Several of the bills that the HNRC will take up this week recognize this and seek to put an end to it. For example, Representative Ted Lieu’s (CA-33) Bear Protection Act (H.R. 2325) would prohibit the importation, exportation, and interstate trade of bear items and products. And Representative Earl Blumenauer’s (OR-3) Captive Primate Safety Act (H.R. 3135) would amend the Lacey Act to prohibit importation, exportation, and transportation of any live animal of any prohibited primate species.

Other bills the committee will examine address critical funding gaps for international species conservation. Representative Hakeem Jeffries’s (NY-8) Global Amphibian Protection Act (H.R. 2026) would establish a fund to conserve highly endangered amphibian species, and Representative Huffman’s Critically Endangered Animals Conservation Act (H.R. 1569) would help pay for protection of species listed as endangered or critically endangered on the International Union for Conservation of Nature Red List, among other vulnerable wildlife.

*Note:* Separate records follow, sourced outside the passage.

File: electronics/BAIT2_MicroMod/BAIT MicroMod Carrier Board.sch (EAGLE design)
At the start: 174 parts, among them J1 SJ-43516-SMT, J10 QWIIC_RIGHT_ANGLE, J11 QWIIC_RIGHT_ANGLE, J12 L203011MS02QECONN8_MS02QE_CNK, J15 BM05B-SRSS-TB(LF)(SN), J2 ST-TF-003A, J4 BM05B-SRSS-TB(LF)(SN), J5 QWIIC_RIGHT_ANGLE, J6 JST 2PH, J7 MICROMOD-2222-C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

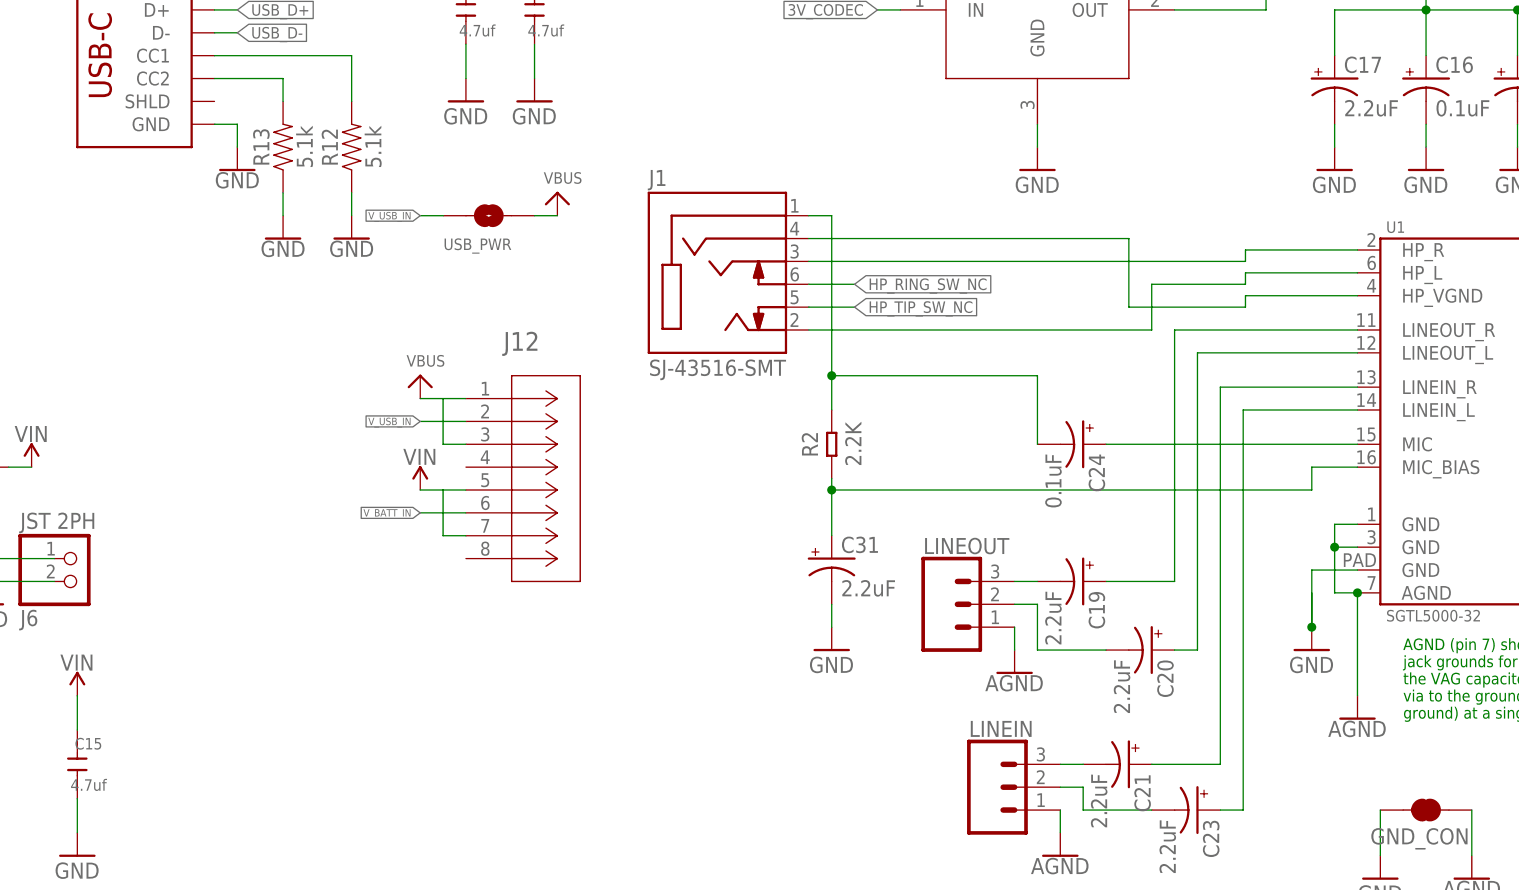
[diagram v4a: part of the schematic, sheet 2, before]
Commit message: Fixed headphone jack detection
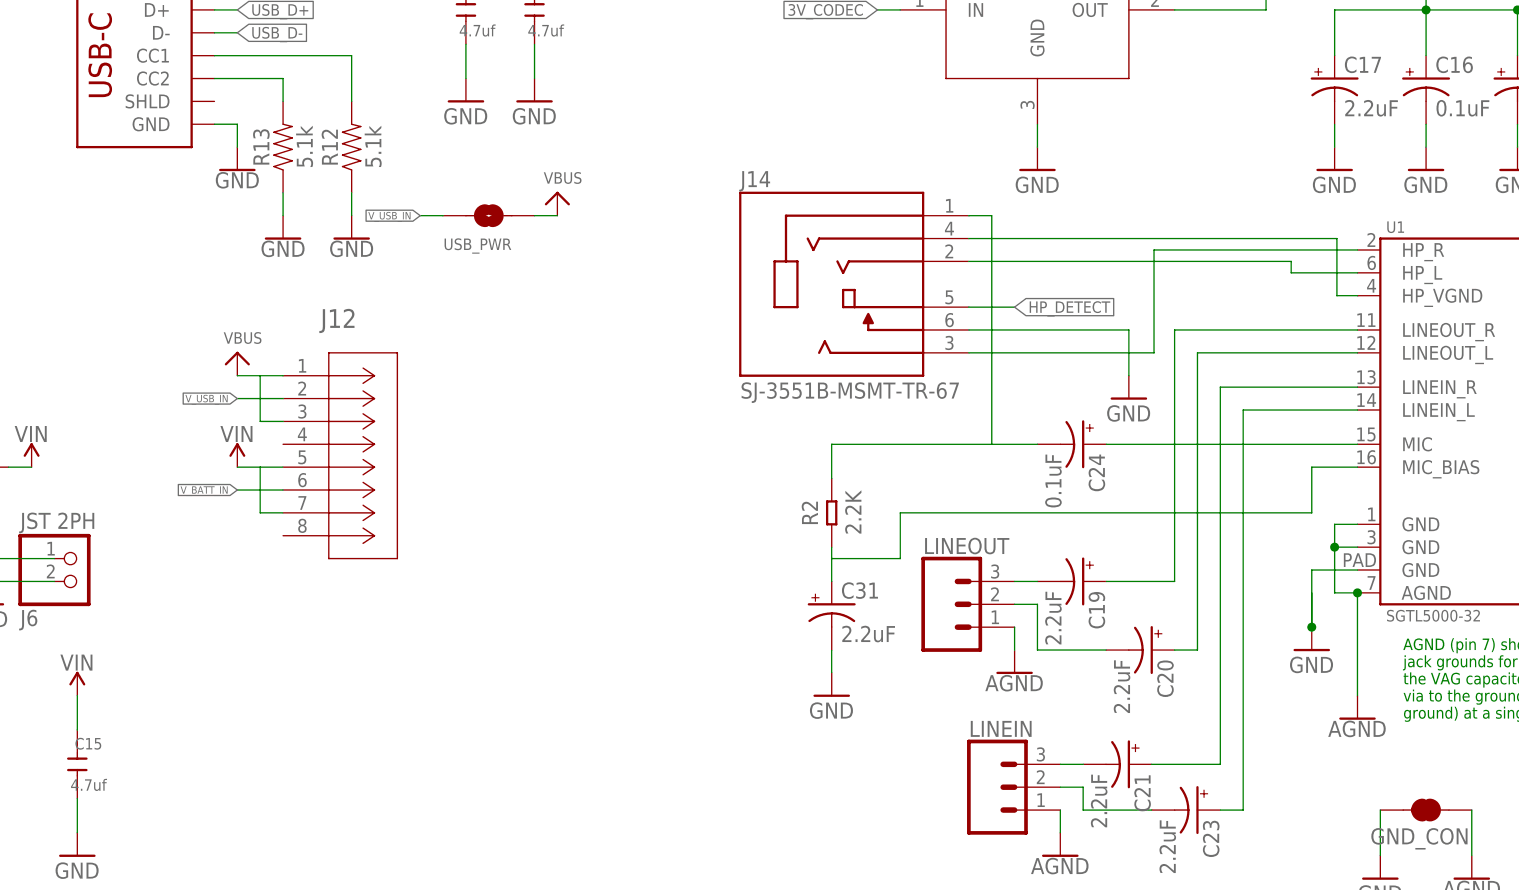
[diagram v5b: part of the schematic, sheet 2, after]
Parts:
- removed J1: SJ-43516-SMT, SnapEDA-Library:SJ-43516-SMT
- added J14: SJ-3551B-MSMT-TR-67, BAIT-Components:SJ-3551B-MSMT-TR-67
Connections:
- removed net HP_RING_SW_NC: J1.RING_SWITCH, J7.G7/BUS7
- removed net HP_TIP_SW_NC: J1.TIP_SWITCH, J7.G8
- new net HP_DETECT: J14.5, J7.G7/BUS7
- net GND: now also J14.6
- net N$33: now also J14.1; no longer J1.SLEEVE
- net N$35: now also J14.3; no longer J1.RING1
- net N$48: now also J14.4; no longer J1.RING2
- net N$8: now also J14.2; no longer J1.TIP
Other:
- moved on the sheet: C31, J12, R2

Of course, these bills—which Congress will hopefully pass—are just a start to the United States addressing the biodiversity and climate crises. There are scores of other actions Congress and the Biden administration must take to make up for the last several years of environmental destruction and chart a new path ahead, including protecting special places, as outlined in the America the Beautiful campaign, and taking bold action on climate by moving away from fossil fuels.